• Task requirements: Although pictures appear in the entries below, leave them out and print exactly the lines from the first line through the line containing "WARP v2 hardware.".

####################

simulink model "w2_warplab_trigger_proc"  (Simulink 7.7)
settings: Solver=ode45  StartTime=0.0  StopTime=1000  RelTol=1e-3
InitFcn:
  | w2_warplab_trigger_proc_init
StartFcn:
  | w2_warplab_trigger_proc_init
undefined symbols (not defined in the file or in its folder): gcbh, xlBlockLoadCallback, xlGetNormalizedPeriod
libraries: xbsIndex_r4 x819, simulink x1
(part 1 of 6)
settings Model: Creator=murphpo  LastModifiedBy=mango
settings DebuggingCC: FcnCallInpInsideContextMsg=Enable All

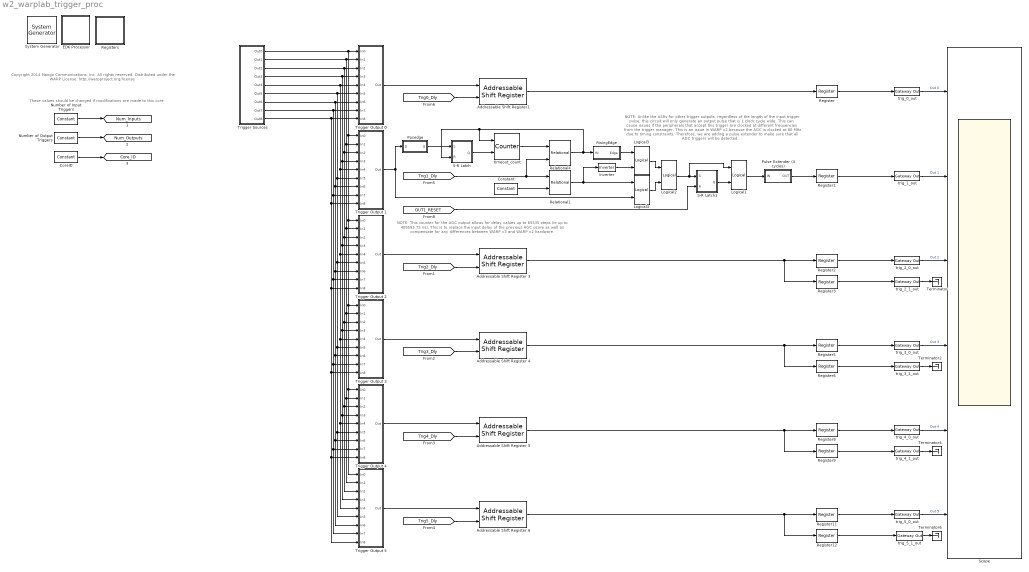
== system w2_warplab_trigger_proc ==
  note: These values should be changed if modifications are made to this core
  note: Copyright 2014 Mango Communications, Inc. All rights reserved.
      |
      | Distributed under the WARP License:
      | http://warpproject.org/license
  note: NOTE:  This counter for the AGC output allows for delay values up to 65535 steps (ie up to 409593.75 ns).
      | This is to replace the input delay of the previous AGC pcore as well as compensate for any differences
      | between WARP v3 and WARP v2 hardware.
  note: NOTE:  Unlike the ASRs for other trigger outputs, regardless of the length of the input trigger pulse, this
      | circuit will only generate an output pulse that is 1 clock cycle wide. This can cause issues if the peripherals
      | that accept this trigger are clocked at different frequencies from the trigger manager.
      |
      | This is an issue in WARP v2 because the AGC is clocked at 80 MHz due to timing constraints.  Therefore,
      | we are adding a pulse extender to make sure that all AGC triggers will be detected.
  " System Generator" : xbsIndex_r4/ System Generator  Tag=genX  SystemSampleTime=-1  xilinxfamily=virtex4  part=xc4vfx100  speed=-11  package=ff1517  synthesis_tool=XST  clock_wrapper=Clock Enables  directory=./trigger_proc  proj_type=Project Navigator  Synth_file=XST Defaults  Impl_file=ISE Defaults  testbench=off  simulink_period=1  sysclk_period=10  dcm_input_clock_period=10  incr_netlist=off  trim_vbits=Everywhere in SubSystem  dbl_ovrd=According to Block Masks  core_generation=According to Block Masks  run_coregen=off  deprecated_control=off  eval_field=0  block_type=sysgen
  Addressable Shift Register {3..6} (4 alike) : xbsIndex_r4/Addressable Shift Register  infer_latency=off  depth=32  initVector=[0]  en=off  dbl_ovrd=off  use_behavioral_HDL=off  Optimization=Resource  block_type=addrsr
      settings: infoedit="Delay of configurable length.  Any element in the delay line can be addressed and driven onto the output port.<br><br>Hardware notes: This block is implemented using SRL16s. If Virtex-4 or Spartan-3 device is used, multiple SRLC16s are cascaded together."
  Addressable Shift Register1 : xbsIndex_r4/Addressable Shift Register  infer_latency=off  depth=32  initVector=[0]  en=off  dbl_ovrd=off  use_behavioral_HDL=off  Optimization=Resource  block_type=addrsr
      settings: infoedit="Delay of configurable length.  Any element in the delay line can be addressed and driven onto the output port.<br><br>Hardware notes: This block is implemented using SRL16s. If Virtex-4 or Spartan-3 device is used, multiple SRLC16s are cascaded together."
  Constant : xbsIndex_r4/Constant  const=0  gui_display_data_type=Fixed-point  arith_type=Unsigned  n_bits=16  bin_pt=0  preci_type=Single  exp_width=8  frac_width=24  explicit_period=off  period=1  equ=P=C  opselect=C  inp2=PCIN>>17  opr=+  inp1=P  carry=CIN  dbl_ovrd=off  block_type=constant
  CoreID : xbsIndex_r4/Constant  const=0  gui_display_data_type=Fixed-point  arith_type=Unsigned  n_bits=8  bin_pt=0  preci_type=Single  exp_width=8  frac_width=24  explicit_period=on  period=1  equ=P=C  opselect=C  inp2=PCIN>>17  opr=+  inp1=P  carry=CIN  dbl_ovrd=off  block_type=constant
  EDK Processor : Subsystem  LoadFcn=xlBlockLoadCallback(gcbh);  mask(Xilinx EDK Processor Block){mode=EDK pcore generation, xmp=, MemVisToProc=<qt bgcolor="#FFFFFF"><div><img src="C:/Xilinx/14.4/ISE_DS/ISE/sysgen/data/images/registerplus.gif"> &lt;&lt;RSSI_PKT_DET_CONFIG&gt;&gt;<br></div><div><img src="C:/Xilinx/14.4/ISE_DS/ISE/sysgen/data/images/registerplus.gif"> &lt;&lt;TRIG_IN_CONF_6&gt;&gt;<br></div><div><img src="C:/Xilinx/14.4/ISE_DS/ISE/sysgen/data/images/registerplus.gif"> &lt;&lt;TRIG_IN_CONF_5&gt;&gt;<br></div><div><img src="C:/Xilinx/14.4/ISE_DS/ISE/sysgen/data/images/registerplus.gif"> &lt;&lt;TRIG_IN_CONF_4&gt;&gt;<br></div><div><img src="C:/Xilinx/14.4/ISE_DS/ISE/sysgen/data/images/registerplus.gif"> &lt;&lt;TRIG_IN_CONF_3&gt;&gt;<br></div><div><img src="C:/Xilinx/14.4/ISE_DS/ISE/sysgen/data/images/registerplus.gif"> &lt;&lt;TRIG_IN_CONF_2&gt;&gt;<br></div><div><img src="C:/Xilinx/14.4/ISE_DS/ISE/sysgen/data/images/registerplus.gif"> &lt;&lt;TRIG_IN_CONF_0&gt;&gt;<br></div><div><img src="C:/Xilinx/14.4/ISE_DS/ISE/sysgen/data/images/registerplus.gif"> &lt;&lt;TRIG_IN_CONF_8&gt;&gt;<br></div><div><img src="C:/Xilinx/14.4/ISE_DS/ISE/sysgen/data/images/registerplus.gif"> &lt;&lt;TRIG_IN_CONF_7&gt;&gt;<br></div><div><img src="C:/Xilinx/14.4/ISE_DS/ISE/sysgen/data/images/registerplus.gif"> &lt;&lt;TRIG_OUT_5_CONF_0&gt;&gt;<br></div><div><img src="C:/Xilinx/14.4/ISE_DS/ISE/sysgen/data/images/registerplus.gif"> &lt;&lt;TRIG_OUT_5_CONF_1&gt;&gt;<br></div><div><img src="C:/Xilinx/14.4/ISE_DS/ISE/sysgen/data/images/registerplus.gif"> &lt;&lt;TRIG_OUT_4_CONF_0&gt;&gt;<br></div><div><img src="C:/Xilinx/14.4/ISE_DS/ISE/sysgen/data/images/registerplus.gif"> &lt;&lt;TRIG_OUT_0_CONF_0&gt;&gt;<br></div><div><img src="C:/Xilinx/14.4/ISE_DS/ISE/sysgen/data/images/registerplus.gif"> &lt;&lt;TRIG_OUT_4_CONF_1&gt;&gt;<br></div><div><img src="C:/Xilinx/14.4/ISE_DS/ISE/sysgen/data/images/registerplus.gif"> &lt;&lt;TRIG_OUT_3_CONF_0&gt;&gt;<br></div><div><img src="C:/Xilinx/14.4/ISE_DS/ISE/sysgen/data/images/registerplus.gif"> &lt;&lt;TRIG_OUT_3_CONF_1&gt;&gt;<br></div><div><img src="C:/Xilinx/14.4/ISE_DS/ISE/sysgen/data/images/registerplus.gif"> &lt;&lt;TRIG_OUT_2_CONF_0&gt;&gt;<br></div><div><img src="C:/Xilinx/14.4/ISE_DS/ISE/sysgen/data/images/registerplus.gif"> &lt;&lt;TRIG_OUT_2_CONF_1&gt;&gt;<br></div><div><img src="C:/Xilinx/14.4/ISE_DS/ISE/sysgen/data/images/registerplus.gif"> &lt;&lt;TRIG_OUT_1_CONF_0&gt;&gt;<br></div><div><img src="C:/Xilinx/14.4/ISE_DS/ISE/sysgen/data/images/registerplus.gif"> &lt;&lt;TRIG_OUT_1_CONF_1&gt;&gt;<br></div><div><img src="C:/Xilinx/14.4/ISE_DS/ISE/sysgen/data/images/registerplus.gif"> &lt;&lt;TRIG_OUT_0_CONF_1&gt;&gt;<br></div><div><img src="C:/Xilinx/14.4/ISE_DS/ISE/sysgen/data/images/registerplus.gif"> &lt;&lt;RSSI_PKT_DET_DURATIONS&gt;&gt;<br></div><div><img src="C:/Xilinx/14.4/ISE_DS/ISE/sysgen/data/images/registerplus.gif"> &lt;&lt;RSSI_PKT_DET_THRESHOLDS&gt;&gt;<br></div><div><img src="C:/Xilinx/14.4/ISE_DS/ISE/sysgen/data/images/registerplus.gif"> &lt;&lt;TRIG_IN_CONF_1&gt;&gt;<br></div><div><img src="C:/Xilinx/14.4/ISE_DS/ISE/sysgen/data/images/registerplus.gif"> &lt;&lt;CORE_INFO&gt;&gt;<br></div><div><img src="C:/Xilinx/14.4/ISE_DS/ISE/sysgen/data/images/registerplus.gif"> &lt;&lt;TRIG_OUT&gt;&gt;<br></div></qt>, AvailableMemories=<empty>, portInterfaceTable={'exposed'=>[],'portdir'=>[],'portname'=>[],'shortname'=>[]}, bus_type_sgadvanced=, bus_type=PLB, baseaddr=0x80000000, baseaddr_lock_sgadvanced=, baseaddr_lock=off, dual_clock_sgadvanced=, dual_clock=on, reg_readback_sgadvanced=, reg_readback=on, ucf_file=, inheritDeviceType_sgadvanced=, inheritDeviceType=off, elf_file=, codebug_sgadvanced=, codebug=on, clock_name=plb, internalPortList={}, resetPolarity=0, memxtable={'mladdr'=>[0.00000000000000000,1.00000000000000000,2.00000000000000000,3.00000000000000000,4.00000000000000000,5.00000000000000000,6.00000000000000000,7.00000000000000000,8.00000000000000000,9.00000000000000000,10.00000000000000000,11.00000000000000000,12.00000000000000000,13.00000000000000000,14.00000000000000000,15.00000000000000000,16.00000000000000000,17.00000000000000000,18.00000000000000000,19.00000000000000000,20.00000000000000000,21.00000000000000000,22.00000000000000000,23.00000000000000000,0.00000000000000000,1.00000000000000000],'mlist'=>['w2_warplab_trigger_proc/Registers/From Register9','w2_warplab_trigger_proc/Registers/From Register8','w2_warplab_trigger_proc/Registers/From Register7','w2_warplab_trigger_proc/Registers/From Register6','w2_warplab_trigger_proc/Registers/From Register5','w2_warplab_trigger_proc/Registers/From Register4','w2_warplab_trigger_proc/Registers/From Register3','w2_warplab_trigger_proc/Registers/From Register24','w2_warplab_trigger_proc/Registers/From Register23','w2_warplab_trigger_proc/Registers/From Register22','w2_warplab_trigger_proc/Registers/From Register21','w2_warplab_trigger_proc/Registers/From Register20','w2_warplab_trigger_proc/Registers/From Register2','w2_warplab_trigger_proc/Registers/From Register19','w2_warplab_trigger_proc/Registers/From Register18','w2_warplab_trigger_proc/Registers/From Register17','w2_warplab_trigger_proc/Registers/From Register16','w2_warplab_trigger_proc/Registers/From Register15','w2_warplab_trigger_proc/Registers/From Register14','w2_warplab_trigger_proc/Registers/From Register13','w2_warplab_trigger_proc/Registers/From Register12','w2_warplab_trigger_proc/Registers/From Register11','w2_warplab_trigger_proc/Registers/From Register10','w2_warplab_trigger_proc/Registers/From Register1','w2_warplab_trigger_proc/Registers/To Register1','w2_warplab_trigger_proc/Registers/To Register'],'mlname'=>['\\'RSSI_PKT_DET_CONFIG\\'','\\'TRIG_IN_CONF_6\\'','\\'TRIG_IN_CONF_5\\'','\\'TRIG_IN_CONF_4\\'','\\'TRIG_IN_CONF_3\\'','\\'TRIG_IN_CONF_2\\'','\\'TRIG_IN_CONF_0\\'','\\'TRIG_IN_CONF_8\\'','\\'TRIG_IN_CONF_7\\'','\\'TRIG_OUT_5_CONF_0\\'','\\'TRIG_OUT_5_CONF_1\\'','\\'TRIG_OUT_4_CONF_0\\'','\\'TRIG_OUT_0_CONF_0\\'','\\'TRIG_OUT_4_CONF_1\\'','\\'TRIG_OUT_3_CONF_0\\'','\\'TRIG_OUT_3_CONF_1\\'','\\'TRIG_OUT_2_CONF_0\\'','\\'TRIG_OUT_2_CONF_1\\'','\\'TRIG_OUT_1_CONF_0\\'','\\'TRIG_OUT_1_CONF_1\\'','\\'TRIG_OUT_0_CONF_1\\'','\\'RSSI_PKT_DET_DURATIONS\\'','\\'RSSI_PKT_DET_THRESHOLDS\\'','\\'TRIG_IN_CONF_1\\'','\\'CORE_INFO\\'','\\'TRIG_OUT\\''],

####################

• Written response:
simulink model "w2_warplab_trigger_proc"  (Simulink 7.7)
settings: Solver=ode45  StartTime=0.0  StopTime=1000  RelTol=1e-3
InitFcn:
  | w2_warplab_trigger_proc_init
StartFcn:
  | w2_warplab_trigger_proc_init
undefined symbols (not defined in the file or in its folder): gcbh, xlBlockLoadCallback, xlGetNormalizedPeriod
libraries: xbsIndex_r4 x819, simulink x1
(part 1 of 6)
settings Model: Creator=murphpo  LastModifiedBy=mango
settings DebuggingCC: FcnCallInpInsideContextMsg=Enable All

== system w2_warplab_trigger_proc ==
  note: These values should be changed if modifications are made to this core
  note: Copyright 2014 Mango Communications, Inc. All rights reserved.
      |
      | Distributed under the WARP License:
      | http://warpproject.org/license
  note: NOTE:  This counter for the AGC output allows for delay values up to 65535 steps (ie up to 409593.75 ns).
      | This is to replace the input delay of the previous AGC pcore as well as compensate for any differences
      | between WARP v3 and WARP v2 hardware.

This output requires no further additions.